WHAT TO WORK ON » Take the lines below beginning at the line that has "#123=VECTOR('',#122,1.);" and stopping after the line that has "#190=EDGE_CURVE('E275',#189,#181,#187,.T.);", and print them exactly as they are, with no other lines.
── TASK MATERIAL ──
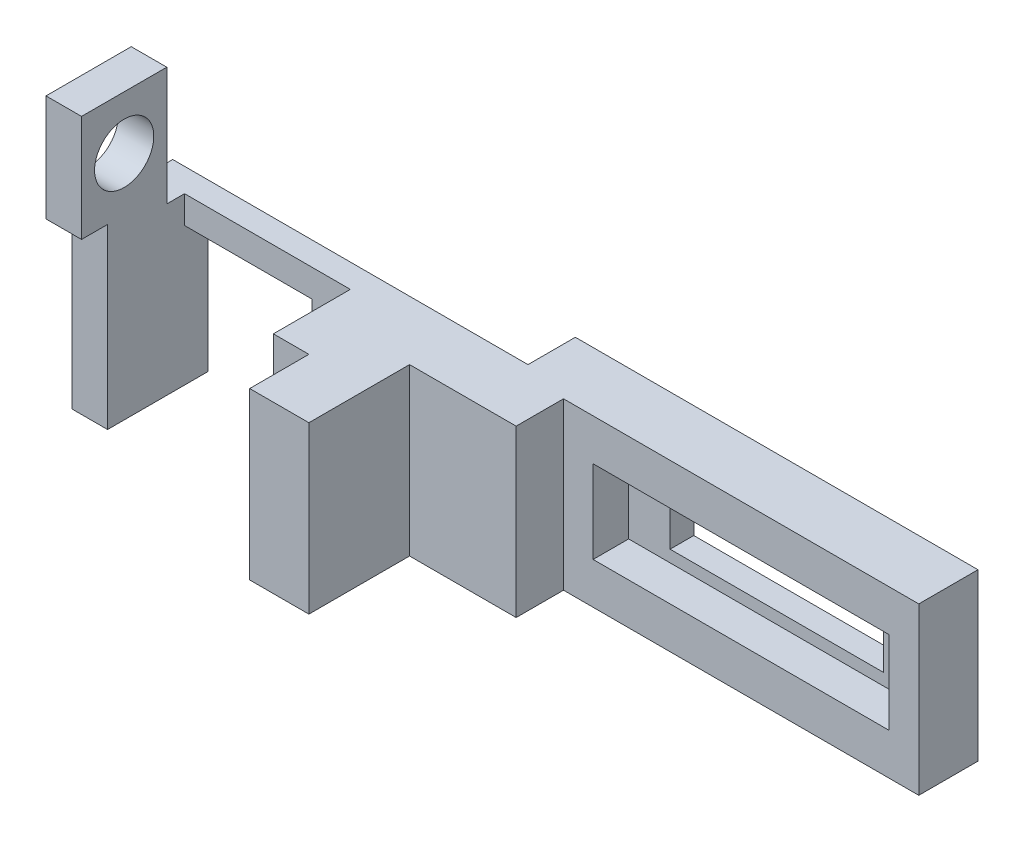
ISO-10303-21;
HEADER;
FILE_DESCRIPTION(('STEP AP214'),'2;1');
FILE_NAME('part.step','',(''),(''),'','','');
FILE_SCHEMA(('AUTOMOTIVE_DESIGN { 1 0 10303 214 1 1 1 1 }'));
ENDSEC;
DATA;
#1=APPLICATION_CONTEXT('core data for automotive mechanical design processes');
#2=APPLICATION_PROTOCOL_DEFINITION('international standard','automotive_design',2000,#1);
#3=PRODUCT_CONTEXT('',#1,'mechanical');
#4=PRODUCT('Part','Part','',(#3));
#5=PRODUCT_RELATED_PRODUCT_CATEGORY('part','',(#4));
#6=PRODUCT_DEFINITION_FORMATION('','',#4);
#7=PRODUCT_DEFINITION_CONTEXT('part definition',#1,'design');
#8=PRODUCT_DEFINITION('design','',#6,#7);
#9=PRODUCT_DEFINITION_SHAPE('','',#8);
#10=(LENGTH_UNIT() NAMED_UNIT(*) SI_UNIT(.MILLI.,.METRE.));
#11=(NAMED_UNIT(*) PLANE_ANGLE_UNIT() SI_UNIT($,.RADIAN.));
#12=(NAMED_UNIT(*) SI_UNIT($,.STERADIAN.) SOLID_ANGLE_UNIT());
#13=UNCERTAINTY_MEASURE_WITH_UNIT(LENGTH_MEASURE(1.E-05),#10,'distance_accuracy_value','');
#14=(GEOMETRIC_REPRESENTATION_CONTEXT(3) GLOBAL_UNCERTAINTY_ASSIGNED_CONTEXT((#13)) GLOBAL_UNIT_ASSIGNED_CONTEXT((#10,
#11,#12)) REPRESENTATION_CONTEXT('',''));
#15=CARTESIAN_POINT('',(0.,0.,0.));
#16=DIRECTION('',(0.,0.,1.));
#17=DIRECTION('',(1.,0.,0.));
#18=AXIS2_PLACEMENT_3D('',#15,#16,#17);
#19=CARTESIAN_POINT('',(0.,0.,0.));
#20=DIRECTION('',(0.,1.,0.));
#21=DIRECTION('',(0.,0.,1.));
#22=AXIS2_PLACEMENT_3D('',#19,#20,#21);
#23=PLANE('',#22);
#24=DIRECTION('',(1.,0.,0.));
#25=VECTOR('',#24,1.);
#26=CARTESIAN_POINT('',(3.,0.,-11.5));
#27=LINE('',#26,#25);
#28=CARTESIAN_POINT('',(13.7626568188366,0.,-11.5));
#29=VERTEX_POINT('',#28);
#30=CARTESIAN_POINT('',(17.,0.,-11.5));
#31=VERTEX_POINT('',#30);
#32=EDGE_CURVE('E253',#29,#31,#27,.T.);
#33=ORIENTED_EDGE('',*,*,#32,.F.);
#34=DIRECTION('',(0.,0.,-1.));
#35=VECTOR('',#34,1.);
#36=CARTESIAN_POINT('',(13.7626568188366,0.,-6.5));
#37=LINE('',#36,#35);
#38=CARTESIAN_POINT('',(13.7626568188366,0.,-13.5));
#39=VERTEX_POINT('',#38);
#40=EDGE_CURVE('E237',#29,#39,#37,.T.);
#41=ORIENTED_EDGE('',*,*,#40,.T.);
#42=DIRECTION('',(-1.,0.,0.));
#43=VECTOR('',#42,1.);
#44=CARTESIAN_POINT('',(0.,0.,-13.5));
#45=LINE('',#44,#43);
#46=CARTESIAN_POINT('',(30.,0.,-13.5));
#47=VERTEX_POINT('',#46);
#48=EDGE_CURVE('E251',#47,#39,#45,.T.);
#49=ORIENTED_EDGE('',*,*,#48,.F.);
#50=DIRECTION('',(0.,0.,1.));
#51=VECTOR('',#50,1.);
#52=CARTESIAN_POINT('',(30.,0.,-13.5));
#53=LINE('',#52,#51);
#54=CARTESIAN_POINT('',(30.,0.,-17.5));
#55=VERTEX_POINT('',#54);
#56=EDGE_CURVE('E266',#55,#47,#53,.T.);
#57=ORIENTED_EDGE('',*,*,#56,.F.);
#58=DIRECTION('',(-1.,0.,0.));
#59=VECTOR('',#58,1.);
#60=CARTESIAN_POINT('',(30.,0.,-17.5));
#61=LINE('',#60,#59);
#62=CARTESIAN_POINT('',(64.,0.,-17.5));
#63=VERTEX_POINT('',#62);
#64=EDGE_CURVE('E473',#63,#55,#61,.T.);
#65=ORIENTED_EDGE('',*,*,#64,.F.);
#66=DIRECTION('',(0.,0.,-1.));
#67=VECTOR('',#66,1.);
#68=CARTESIAN_POINT('',(64.,0.,-17.5));
#69=LINE('',#68,#67);
#70=CARTESIAN_POINT('',(64.,0.,-12.5));
#71=VERTEX_POINT('',#70);
#72=EDGE_CURVE('E472',#71,#63,#69,.T.);
#73=ORIENTED_EDGE('',*,*,#72,.F.);
#74=DIRECTION('',(1.,0.,0.));
#75=VECTOR('',#74,1.);
#76=CARTESIAN_POINT('',(34.,0.,-12.5));
#77=LINE('',#76,#75);
#78=CARTESIAN_POINT('',(34.,0.,-12.5));
#79=VERTEX_POINT('',#78);
#80=EDGE_CURVE('E470',#79,#71,#77,.T.);
#81=ORIENTED_EDGE('',*,*,#80,.F.);
#82=DIRECTION('',(0.,0.,-1.));
#83=VECTOR('',#82,1.);
#84=CARTESIAN_POINT('',(34.,0.,-8.5));
#85=LINE('',#84,#83);
#86=CARTESIAN_POINT('',(34.,0.,-8.5));
#87=VERTEX_POINT('',#86);
#88=EDGE_CURVE('E468',#87,#79,#85,.T.);
#89=ORIENTED_EDGE('',*,*,#88,.F.);
#90=DIRECTION('',(1.,0.,0.));
#91=VECTOR('',#90,1.);
#92=CARTESIAN_POINT('',(25.,0.,-8.5));
#93=LINE('',#92,#91);
#94=CARTESIAN_POINT('',(25.,0.,-8.5));
#95=VERTEX_POINT('',#94);
#96=EDGE_CURVE('E466',#95,#87,#93,.T.);
#97=ORIENTED_EDGE('',*,*,#96,.F.);
#98=DIRECTION('',(0.,0.,-1.));
#99=VECTOR('',#98,1.);
#100=CARTESIAN_POINT('',(25.,0.,0.));
#101=LINE('',#100,#99);
#102=CARTESIAN_POINT('',(25.,0.,0.));
#103=VERTEX_POINT('',#102);
#104=EDGE_CURVE('E464',#103,#95,#101,.T.);
#105=ORIENTED_EDGE('',*,*,#104,.F.);
#106=DIRECTION('',(1.,0.,0.));
#107=VECTOR('',#106,1.);
#108=CARTESIAN_POINT('',(20.,0.,0.));
#109=LINE('',#108,#107);
#110=CARTESIAN_POINT('',(20.,0.,0.));
#111=VERTEX_POINT('',#110);
#112=EDGE_CURVE('E431',#111,#103,#109,.T.);
#113=ORIENTED_EDGE('',*,*,#112,.F.);
#114=DIRECTION('',(0.,0.,1.));
#115=VECTOR('',#114,1.);
#116=CARTESIAN_POINT('',(20.,0.,0.));
#117=LINE('',#116,#115);
#118=CARTESIAN_POINT('',(20.,0.,-5.));
#119=VERTEX_POINT('',#118);
#120=EDGE_CURVE('E273',#119,#111,#117,.T.);
#121=ORIENTED_EDGE('',*,*,#120,.F.);
#122=DIRECTION('',(1.,0.,0.));
#123=VECTOR('',#122,1.);
#124=CARTESIAN_POINT('',(20.,0.,-5.));
#125=LINE('',#124,#123);
#126=CARTESIAN_POINT('',(17.,0.,-5.));
#127=VERTEX_POINT('',#126);
#128=EDGE_CURVE('E264',#127,#119,#125,.T.);
#129=ORIENTED_EDGE('',*,*,#128,.F.);
#130=DIRECTION('',(0.,0.,1.));
#131=VECTOR('',#130,1.);
#132=CARTESIAN_POINT('',(17.,0.,-11.5));
#133=LINE('',#132,#131);
#134=EDGE_CURVE('E525',#31,#127,#133,.T.);
#135=ORIENTED_EDGE('',*,*,#134,.F.);
#136=EDGE_LOOP('',(#33,#41,#49,#57,#65,#73,#81,#89,#97,#105,#113,#121,#129,#135));
#137=FACE_BOUND('',#136,.T.);
#138=ADVANCED_FACE('F33',(#137),#23,.F.);
#139=CARTESIAN_POINT('',(20.,14.,-5.));
#140=DIRECTION('',(0.,0.,-1.));
#141=DIRECTION('',(-1.,0.,0.));
#142=AXIS2_PLACEMENT_3D('',#139,#140,#141);
#143=PLANE('',#142);
#144=DIRECTION('',(0.,1.,0.));
#145=VECTOR('',#144,1.);
#146=CARTESIAN_POINT('',(17.,0.,-5.));
#147=LINE('',#146,#145);
#148=CARTESIAN_POINT('',(17.,14.,-5.));
#149=VERTEX_POINT('',#148);
#150=EDGE_CURVE('E330',#127,#149,#147,.T.);
#151=ORIENTED_EDGE('',*,*,#150,.F.);
#152=ORIENTED_EDGE('',*,*,#128,.T.);
#153=DIRECTION('',(0.,-1.,0.));
#154=VECTOR('',#153,1.);
#155=CARTESIAN_POINT('',(20.,14.,-5.));
#156=LINE('',#155,#154);
#157=CARTESIAN_POINT('',(20.,14.,-5.));
#158=VERTEX_POINT('',#157);
#159=EDGE_CURVE('E279',#158,#119,#156,.T.);
#160=ORIENTED_EDGE('',*,*,#159,.F.);
#161=DIRECTION('',(1.,0.,0.));
#162=VECTOR('',#161,1.);
#163=CARTESIAN_POINT('',(20.,14.,-5.));
#164=LINE('',#163,#162);
#165=EDGE_CURVE('E459',#149,#158,#164,.T.);
#166=ORIENTED_EDGE('',*,*,#165,.F.);
#167=EDGE_LOOP('',(#151,#152,#160,#166));
#168=FACE_BOUND('',#167,.T.);
#169=ADVANCED_FACE('F521',(#168),#143,.F.);
#170=CARTESIAN_POINT('',(20.,14.,0.));
#171=DIRECTION('',(0.,0.,-1.));
#172=DIRECTION('',(-1.,0.,0.));
#173=AXIS2_PLACEMENT_3D('',#170,#171,#172);
#174=PLANE('',#173);
#175=ORIENTED_EDGE('',*,*,#112,.T.);
#176=DIRECTION('',(0.,-1.,0.));
#177=VECTOR('',#176,1.);
#178=CARTESIAN_POINT('',(25.,14.,0.));
#179=LINE('',#178,#177);
#180=CARTESIAN_POINT('',(25.,14.,0.));
#181=VERTEX_POINT('',#180);
#182=EDGE_CURVE('E308',#181,#103,#179,.T.);
#183=ORIENTED_EDGE('',*,*,#182,.F.);
#184=DIRECTION('',(1.,0.,0.));
#185=VECTOR('',#184,1.);
#186=CARTESIAN_POINT('',(20.,14.,0.));
#187=LINE('',#186,#185);
#188=CARTESIAN_POINT('',(20.,14.,0.));
#189=VERTEX_POINT('',#188);
#190=EDGE_CURVE('E275',#189,#181,#187,.T.);
#191=ORIENTED_EDGE('',*,*,#190,.F.);
#192=DIRECTION('',(0.,-1.,0.));
#193=VECTOR('',#192,1.);
#194=CARTESIAN_POINT('',(20.,14.,0.));
#195=LINE('',#194,#193);
#196=EDGE_CURVE('E276',#189,#111,#195,.T.);
#197=ORIENTED_EDGE('',*,*,#196,.T.);
#198=EDGE_LOOP('',(#175,#183,#191,#197));
#199=FACE_BOUND('',#198,.T.);
#200=ADVANCED_FACE('F35',(#199),#174,.F.);
#201=CARTESIAN_POINT('',(25.,14.,0.));
#202=DIRECTION('',(-1.,0.,0.));
#203=DIRECTION('',(0.,0.,1.));
#204=AXIS2_PLACEMENT_3D('',#201,#202,#203);
#205=PLANE('',#204);
#206=ORIENTED_EDGE('',*,*,#104,.T.);
#207=DIRECTION('',(0.,-1.,0.));
#208=VECTOR('',#207,1.);
#209=CARTESIAN_POINT('',(25.,14.,-8.5));
#210=LINE('',#209,#208);
#211=CARTESIAN_POINT('',(25.,14.,-8.5));
#212=VERTEX_POINT('',#211);
#213=EDGE_CURVE('E305',#212,#95,#210,.T.);
#214=ORIENTED_EDGE('',*,*,#213,.F.);
#215=DIRECTION('',(0.,0.,-1.));
#216=VECTOR('',#215,1.);
#217=CARTESIAN_POINT('',(25.,14.,0.));
#218=LINE('',#217,#216);
#219=EDGE_CURVE('E440',#181,#212,#218,.T.);
#220=ORIENTED_EDGE('',*,*,#219,.F.);
#221=ORIENTED_EDGE('',*,*,#182,.T.);
#222=EDGE_LOOP('',(#206,#214,#220,#221));
#223=FACE_BOUND('',#222,.T.);
#224=ADVANCED_FACE('F507',(#223),#205,.F.);
#225=CARTESIAN_POINT('',(25.,14.,-8.5));
#226=DIRECTION('',(0.,0.,-1.));
#227=DIRECTION('',(-1.,0.,0.));
#228=AXIS2_PLACEMENT_3D('',#225,#226,#227);
#229=PLANE('',#228);
#230=ORIENTED_EDGE('',*,*,#96,.T.);
#231=DIRECTION('',(0.,-1.,0.));
#232=VECTOR('',#231,1.);
#233=CARTESIAN_POINT('',(34.,14.,-8.5));
#234=LINE('',#233,#232);
#235=CARTESIAN_POINT('',(34.,14.,-8.5));
#236=VERTEX_POINT('',#235);
#237=EDGE_CURVE('E302',#236,#87,#234,.T.);
#238=ORIENTED_EDGE('',*,*,#237,.F.);
#239=DIRECTION('',(1.,0.,0.));
#240=VECTOR('',#239,1.);
#241=CARTESIAN_POINT('',(25.,14.,-8.5));
#242=LINE('',#241,#240);
#243=EDGE_CURVE('E442',#212,#236,#242,.T.);
#244=ORIENTED_EDGE('',*,*,#243,.F.);
#245=ORIENTED_EDGE('',*,*,#213,.T.);
#246=EDGE_LOOP('',(#230,#238,#244,#245));
#247=FACE_BOUND('',#246,.T.);
#248=ADVANCED_FACE('F503',(#247),#229,.F.);
#249=CARTESIAN_POINT('',(34.,14.,-8.5));
#250=DIRECTION('',(-1.,0.,0.));
#251=DIRECTION('',(0.,0.,1.));
#252=AXIS2_PLACEMENT_3D('',#249,#250,#251);
#253=PLANE('',#252);
#254=ORIENTED_EDGE('',*,*,#88,.T.);
#255=DIRECTION('',(0.,-1.,0.));
#256=VECTOR('',#255,1.);
#257=CARTESIAN_POINT('',(34.,14.,-12.5));
#258=LINE('',#257,#256);
#259=CARTESIAN_POINT('',(34.,14.,-12.5));
#260=VERTEX_POINT('',#259);
#261=EDGE_CURVE('E299',#260,#79,#258,.T.);
#262=ORIENTED_EDGE('',*,*,#261,.F.);
#263=DIRECTION('',(0.,0.,-1.));
#264=VECTOR('',#263,1.);
#265=CARTESIAN_POINT('',(34.,14.,-8.5));
#266=LINE('',#265,#264);
#267=EDGE_CURVE('E444',#236,#260,#266,.T.);
#268=ORIENTED_EDGE('',*,*,#267,.F.);
#269=ORIENTED_EDGE('',*,*,#237,.T.);
#270=EDGE_LOOP('',(#254,#262,#268,#269));
#271=FACE_BOUND('',#270,.T.);
#272=ADVANCED_FACE('F498',(#271),#253,.F.);
#273=CARTESIAN_POINT('',(34.,14.,-12.5));
#274=DIRECTION('',(0.,0.,-1.));
#275=DIRECTION('',(-1.,0.,0.));
#276=AXIS2_PLACEMENT_3D('',#273,#274,#275);
#277=PLANE('',#276);
#278=DIRECTION('',(-1.,0.,0.));
#279=VECTOR('',#278,1.);
#280=CARTESIAN_POINT('',(61.5,10.5,-12.5));
#281=LINE('',#280,#279);
#282=CARTESIAN_POINT('',(61.5,10.5,-12.5));
#283=VERTEX_POINT('',#282);
#284=CARTESIAN_POINT('',(36.5,10.5,-12.5));
#285=VERTEX_POINT('',#284);
#286=EDGE_CURVE('E421',#283,#285,#281,.T.);
#287=ORIENTED_EDGE('',*,*,#286,.F.);
#288=DIRECTION('',(0.,1.,0.));
#289=VECTOR('',#288,1.);
#290=CARTESIAN_POINT('',(61.5,3.49999999999999,-12.5));
#291=LINE('',#290,#289);
#292=CARTESIAN_POINT('',(61.5,3.49999999999999,-12.5));
#293=VERTEX_POINT('',#292);
#294=EDGE_CURVE('E400',#293,#283,#291,.T.);
#295=ORIENTED_EDGE('',*,*,#294,.F.);
#296=DIRECTION('',(1.,0.,0.));
#297=VECTOR('',#296,1.);
#298=CARTESIAN_POINT('',(61.5,3.49999999999999,-12.5));
#299=LINE('',#298,#297);
#300=CARTESIAN_POINT('',(36.5,3.49999999999999,-12.5));
#301=VERTEX_POINT('',#300);
#302=EDGE_CURVE('E410',#301,#293,#299,.T.);
#303=ORIENTED_EDGE('',*,*,#302,.F.);
#304=DIRECTION('',(0.,-1.,0.));
#305=VECTOR('',#304,1.);
#306=CARTESIAN_POINT('',(36.5,3.49999999999999,-12.5));
#307=LINE('',#306,#305);
#308=EDGE_CURVE('E424',#285,#301,#307,.T.);
#309=ORIENTED_EDGE('',*,*,#308,.F.);
#310=EDGE_LOOP('',(#287,#295,#303,#309));
#311=FACE_BOUND('',#310,.T.);
#312=ORIENTED_EDGE('',*,*,#80,.T.);
#313=DIRECTION('',(0.,-1.,0.));
#314=VECTOR('',#313,1.);
#315=CARTESIAN_POINT('',(64.,14.,-12.5));
#316=LINE('',#315,#314);
#317=CARTESIAN_POINT('',(64.,14.,-12.5));
#318=VERTEX_POINT('',#317);
#319=EDGE_CURVE('E296',#318,#71,#316,.T.);
#320=ORIENTED_EDGE('',*,*,#319,.F.);
#321=DIRECTION('',(1.,0.,0.));
#322=VECTOR('',#321,1.);
#323=CARTESIAN_POINT('',(34.,14.,-12.5));
#324=LINE('',#323,#322);
#325=EDGE_CURVE('E446',#260,#318,#324,.T.);
#326=ORIENTED_EDGE('',*,*,#325,.F.);
#327=ORIENTED_EDGE('',*,*,#261,.T.);
#328=EDGE_LOOP('',(#312,#320,#326,#327));
#329=FACE_BOUND('',#328,.T.);
#330=ADVANCED_FACE('F496',(#311,#329),#277,.F.);
#331=CARTESIAN_POINT('',(64.,14.,-17.5));
#332=DIRECTION('',(-1.,0.,0.));
#333=DIRECTION('',(0.,0.,1.));
#334=AXIS2_PLACEMENT_3D('',#331,#332,#333);
#335=PLANE('',#334);
#336=ORIENTED_EDGE('',*,*,#72,.T.);
#337=DIRECTION('',(0.,-1.,0.));
#338=VECTOR('',#337,1.);
#339=CARTESIAN_POINT('',(64.,14.,-17.5));
#340=LINE('',#339,#338);
#341=CARTESIAN_POINT('',(64.,14.,-17.5));
#342=VERTEX_POINT('',#341);
#343=EDGE_CURVE('E293',#342,#63,#340,.T.);
#344=ORIENTED_EDGE('',*,*,#343,.F.);
#345=DIRECTION('',(0.,0.,-1.));
#346=VECTOR('',#345,1.);
#347=CARTESIAN_POINT('',(64.,14.,-17.5));
#348=LINE('',#347,#346);
#349=EDGE_CURVE('E448',#318,#342,#348,.T.);
#350=ORIENTED_EDGE('',*,*,#349,.F.);
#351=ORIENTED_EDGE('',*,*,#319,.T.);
───
RESPONSE TO THE TASK »
#123=VECTOR('',#122,1.);
#124=CARTESIAN_POINT('',(20.,0.,-5.));
#125=LINE('',#124,#123);
#126=CARTESIAN_POINT('',(17.,0.,-5.));
#127=VERTEX_POINT('',#126);
#128=EDGE_CURVE('E264',#127,#119,#125,.T.);
#129=ORIENTED_EDGE('',*,*,#128,.F.);
#130=DIRECTION('',(0.,0.,1.));
#131=VECTOR('',#130,1.);
#132=CARTESIAN_POINT('',(17.,0.,-11.5));
#133=LINE('',#132,#131);
#134=EDGE_CURVE('E525',#31,#127,#133,.T.);
#135=ORIENTED_EDGE('',*,*,#134,.F.);
#136=EDGE_LOOP('',(#33,#41,#49,#57,#65,#73,#81,#89,#97,#105,#113,#121,#129,#135));
#137=FACE_BOUND('',#136,.T.);
#138=ADVANCED_FACE('F33',(#137),#23,.F.);
#139=CARTESIAN_POINT('',(20.,14.,-5.));
#140=DIRECTION('',(0.,0.,-1.));
#141=DIRECTION('',(-1.,0.,0.));
#142=AXIS2_PLACEMENT_3D('',#139,#140,#141);
#143=PLANE('',#142);
#144=DIRECTION('',(0.,1.,0.));
#145=VECTOR('',#144,1.);
#146=CARTESIAN_POINT('',(17.,0.,-5.));
#147=LINE('',#146,#145);
#148=CARTESIAN_POINT('',(17.,14.,-5.));
#149=VERTEX_POINT('',#148);
#150=EDGE_CURVE('E330',#127,#149,#147,.T.);
#151=ORIENTED_EDGE('',*,*,#150,.F.);
#152=ORIENTED_EDGE('',*,*,#128,.T.);
#153=DIRECTION('',(0.,-1.,0.));
#154=VECTOR('',#153,1.);
#155=CARTESIAN_POINT('',(20.,14.,-5.));
#156=LINE('',#155,#154);
#157=CARTESIAN_POINT('',(20.,14.,-5.));
#158=VERTEX_POINT('',#157);
#159=EDGE_CURVE('E279',#158,#119,#156,.T.);
#160=ORIENTED_EDGE('',*,*,#159,.F.);
#161=DIRECTION('',(1.,0.,0.));
#162=VECTOR('',#161,1.);
#163=CARTESIAN_POINT('',(20.,14.,-5.));
#164=LINE('',#163,#162);
#165=EDGE_CURVE('E459',#149,#158,#164,.T.);
#166=ORIENTED_EDGE('',*,*,#165,.F.);
#167=EDGE_LOOP('',(#151,#152,#160,#166));
#168=FACE_BOUND('',#167,.T.);
#169=ADVANCED_FACE('F521',(#168),#143,.F.);
#170=CARTESIAN_POINT('',(20.,14.,0.));
#171=DIRECTION('',(0.,0.,-1.));
#172=DIRECTION('',(-1.,0.,0.));
#173=AXIS2_PLACEMENT_3D('',#170,#171,#172);
#174=PLANE('',#173);
#175=ORIENTED_EDGE('',*,*,#112,.T.);
#176=DIRECTION('',(0.,-1.,0.));
#177=VECTOR('',#176,1.);
#178=CARTESIAN_POINT('',(25.,14.,0.));
#179=LINE('',#178,#177);
#180=CARTESIAN_POINT('',(25.,14.,0.));
#181=VERTEX_POINT('',#180);
#182=EDGE_CURVE('E308',#181,#103,#179,.T.);
#183=ORIENTED_EDGE('',*,*,#182,.F.);
#184=DIRECTION('',(1.,0.,0.));
#185=VECTOR('',#184,1.);
#186=CARTESIAN_POINT('',(20.,14.,0.));
#187=LINE('',#186,#185);
#188=CARTESIAN_POINT('',(20.,14.,0.));
#189=VERTEX_POINT('',#188);
#190=EDGE_CURVE('E275',#189,#181,#187,.T.);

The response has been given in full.